BC: Goods are generally produced for self-suffiency. To obtain goods someone is not producing, the overplus of the produced goods are brought to market: Either to exchange them directly with other goods or via money being the mediator. At the end, there is not a "surplus good", but only an "other good". There is no (effective) driver for progression. Things develop slowly and under circumstances of personal dominion.

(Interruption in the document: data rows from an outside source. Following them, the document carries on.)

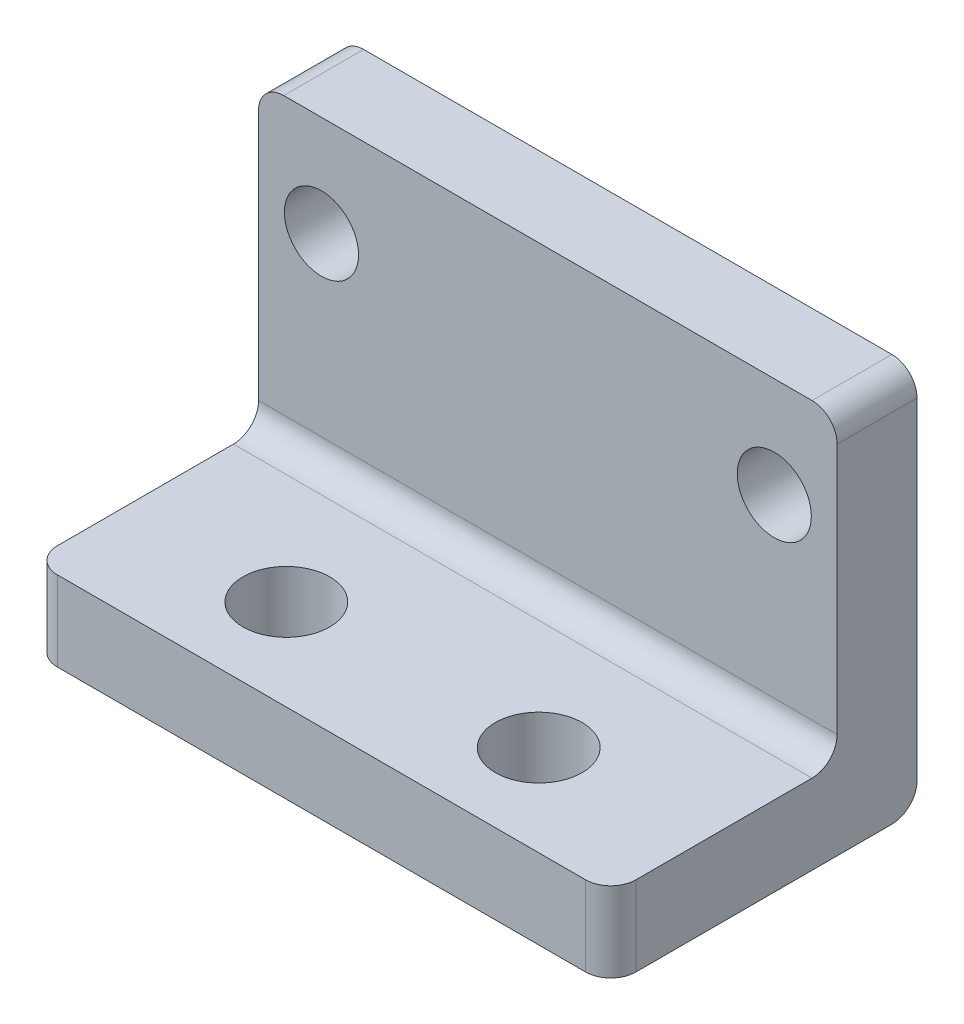
ISO-10303-21;
HEADER;
FILE_DESCRIPTION(('STEP AP214'),'2;1');
FILE_NAME('part.step','',(''),(''),'','','');
FILE_SCHEMA(('AUTOMOTIVE_DESIGN { 1 0 10303 214 1 1 1 1 }'));
ENDSEC;
DATA;
#1=APPLICATION_CONTEXT('core data for automotive mechanical design processes');
#2=APPLICATION_PROTOCOL_DEFINITION('international standard','automotive_design',2000,#1);
#3=PRODUCT_CONTEXT('',#1,'mechanical');
#4=PRODUCT('Part','Part','',(#3));
#5=PRODUCT_RELATED_PRODUCT_CATEGORY('part','',(#4));
#6=PRODUCT_DEFINITION_FORMATION('','',#4);
#7=PRODUCT_DEFINITION_CONTEXT('part definition',#1,'design');
#8=PRODUCT_DEFINITION('design','',#6,#7);
#9=PRODUCT_DEFINITION_SHAPE('','',#8);
#10=(LENGTH_UNIT() NAMED_UNIT(*) SI_UNIT(.MILLI.,.METRE.));
#11=(NAMED_UNIT(*) PLANE_ANGLE_UNIT() SI_UNIT($,.RADIAN.));
#12=(NAMED_UNIT(*) SI_UNIT($,.STERADIAN.) SOLID_ANGLE_UNIT());
#13=UNCERTAINTY_MEASURE_WITH_UNIT(LENGTH_MEASURE(1.E-05),#10,'distance_accuracy_value','');
#14=(GEOMETRIC_REPRESENTATION_CONTEXT(3) GLOBAL_UNCERTAINTY_ASSIGNED_CONTEXT((#13)) GLOBAL_UNIT_ASSIGNED_CONTEXT((#10,
#11,#12)) REPRESENTATION_CONTEXT('',''));
#15=CARTESIAN_POINT('',(0.,0.,0.));
#16=DIRECTION('',(0.,0.,1.));
#17=DIRECTION('',(1.,0.,0.));
#18=AXIS2_PLACEMENT_3D('',#15,#16,#17);
#19=CARTESIAN_POINT('',(23.,0.,3.175));
#20=DIRECTION('',(1.,0.,0.));
#21=DIRECTION('',(0.,0.,-1.));
#22=AXIS2_PLACEMENT_3D('',#19,#20,#21);
#23=PLANE('',#22);
#24=DIRECTION('',(0.,-1.,0.));
#25=VECTOR('',#24,1.);
#26=CARTESIAN_POINT('',(23.,0.,0.));
#27=LINE('',#26,#25);
#28=CARTESIAN_POINT('',(23.,1.,0.));
#29=VERTEX_POINT('',#28);
#30=CARTESIAN_POINT('',(23.,-12.175,0.));
#31=VERTEX_POINT('',#30);
#32=EDGE_CURVE('E163',#29,#31,#27,.T.);
#33=ORIENTED_EDGE('',*,*,#32,.F.);
#34=DIRECTION('',(0.,0.,-1.));
#35=VECTOR('',#34,1.);
#36=CARTESIAN_POINT('',(23.,1.,3.175));
#37=LINE('',#36,#35);
#38=CARTESIAN_POINT('',(23.,1.,3.175));
#39=VERTEX_POINT('',#38);
#40=EDGE_CURVE('E189',#29,#39,#37,.F.);
#41=ORIENTED_EDGE('',*,*,#40,.T.);
#42=DIRECTION('',(0.,-1.,0.));
#43=VECTOR('',#42,1.);
#44=CARTESIAN_POINT('',(23.,0.,3.175));
#45=LINE('',#44,#43);
#46=CARTESIAN_POINT('',(23.,-9.,3.175));
#47=VERTEX_POINT('',#46);
#48=EDGE_CURVE('E262',#39,#47,#45,.T.);
#49=ORIENTED_EDGE('',*,*,#48,.T.);
#50=CARTESIAN_POINT('',(23.,-9.,4.175));
#51=DIRECTION('',(1.,0.,0.));
#52=DIRECTION('',(0.,0.,-1.));
#53=AXIS2_PLACEMENT_3D('',#50,#51,#52);
#54=CIRCLE('',#53,1.);
#55=CARTESIAN_POINT('',(23.,-10.,4.175));
#56=VERTEX_POINT('',#55);
#57=EDGE_CURVE('E11',#47,#56,#54,.F.);
#58=ORIENTED_EDGE('',*,*,#57,.T.);
#59=DIRECTION('',(0.,0.,-1.));
#60=VECTOR('',#59,1.);
#61=CARTESIAN_POINT('',(23.,-10.,12.175));
#62=LINE('',#61,#60);
#63=CARTESIAN_POINT('',(23.,-10.,11.175));
#64=VERTEX_POINT('',#63);
#65=EDGE_CURVE('E260',#64,#56,#62,.T.);
#66=ORIENTED_EDGE('',*,*,#65,.F.);
#67=DIRECTION('',(0.,1.,0.));
#68=VECTOR('',#67,1.);
#69=CARTESIAN_POINT('',(23.,0.,11.175));
#70=LINE('',#69,#68);
#71=CARTESIAN_POINT('',(23.,-13.175,11.175));
#72=VERTEX_POINT('',#71);
#73=EDGE_CURVE('E186',#64,#72,#70,.F.);
#74=ORIENTED_EDGE('',*,*,#73,.T.);
#75=DIRECTION('',(0.,0.,-1.));
#76=VECTOR('',#75,1.);
#77=CARTESIAN_POINT('',(23.,-13.175,3.175));
#78=LINE('',#77,#76);
#79=CARTESIAN_POINT('',(23.,-13.175,1.));
#80=VERTEX_POINT('',#79);
#81=EDGE_CURVE('E175',#72,#80,#78,.T.);
#82=ORIENTED_EDGE('',*,*,#81,.T.);
#83=CARTESIAN_POINT('',(23.,-12.175,1.));
#84=DIRECTION('',(1.,0.,0.));
#85=DIRECTION('',(0.,0.,-1.));
#86=AXIS2_PLACEMENT_3D('',#83,#84,#85);
#87=CIRCLE('',#86,1.);
#88=EDGE_CURVE('E183',#80,#31,#87,.T.);
#89=ORIENTED_EDGE('',*,*,#88,.T.);
#90=EDGE_LOOP('',(#33,#41,#49,#58,#66,#74,#82,#89));
#91=FACE_BOUND('',#90,.T.);
#92=ADVANCED_FACE('F49',(#91),#23,.T.);
#93=CARTESIAN_POINT('',(0.,2.,3.175));
#94=DIRECTION('',(0.,1.,0.));
#95=DIRECTION('',(0.,0.,1.));
#96=AXIS2_PLACEMENT_3D('',#93,#94,#95);
#97=PLANE('',#96);
#98=DIRECTION('',(1.,0.,0.));
#99=VECTOR('',#98,1.);
#100=CARTESIAN_POINT('',(0.,2.,3.175));
#101=LINE('',#100,#99);
#102=CARTESIAN_POINT('',(1.,2.,3.175));
#103=VERTEX_POINT('',#102);
#104=CARTESIAN_POINT('',(22.,2.,3.175));
#105=VERTEX_POINT('',#104);
#106=EDGE_CURVE('E252',#103,#105,#101,.T.);
#107=ORIENTED_EDGE('',*,*,#106,.T.);
#108=DIRECTION('',(0.,0.,-1.));
#109=VECTOR('',#108,1.);
#110=CARTESIAN_POINT('',(22.,2.,3.175));
#111=LINE('',#110,#109);
#112=CARTESIAN_POINT('',(22.,2.,0.));
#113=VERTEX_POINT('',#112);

WC: Roles and relationships of C (or G) and M have completely changed (ignoring why and how). When BC the good and thus the needs are starting and end point of the cycle, now money takes this place, and commodities are in the roles of the mean. From the standpoint of the cycle logic, the purpose concerning needs aren't of interest at all. The products may be food or bombs, it doesn't count. The only purpose is to make money. However, the purpose is not simply to make money, the purpose is to make _more_ money than invested before. This more-logic comes from competition of those producers who want to sell the same commodity on a limited market. A single capitalist can't say "my way of production is ok, I'll do it for the rest of my live", because the competitor doesn't sleep and produces the same commodities cheaper to overtake market share from the competitor. Why overtaking market share? Because of the economics of scale: On a bigger scale you can produce cheaper (more efficient in terms of value). Conclusion: All participants have to strive for increasing the productivity of work to make their products cheaper - by punishment of downfall. They have no choice if they want to stay inside.

"Having no choice" means a coercion to follow the rules of the things (the commodities). This leads to a reversal of the relationship between the social and the things. In capitalism it is no longer the case, that we organize socially what things we want to produce to satisfy our needs, it is reversed: The things seem to have a life of its own, they move and say to us, want we should do, to satisfy their "needs". They say: Produce me cheaper or you're out of the game. This really weird behavior was named "fetishism" by Marx, and this was one of his most important discoveries (and not the exploitation stuff, which of course it true anyway).

Marx in his own words: "Thus the participants in capitalist production live in a bewitched world and their own relationships appear to them as properties of things, as properties of the material elements of production."

StefanMn uses another term addressing the same topic: alienation. Production in capitalism is alienated, we don't do it for us, we do it for M' in M-C-M'. Thus the "C", the products, are only a by-product of an alienated logic, they are not the aim. Being only a by-product also means, that it cannot be controlled, what they are (food, bomb, etc.), because they all serve M'. And moreover, other externalities cannot be controlled too: CO2-emission etc. Ok, states try to implement some controllings via prices, however, this doesn't really help. Stop.

Conclusion: The built-in infinite growth feature of capitalism finally eats the planet -- and us.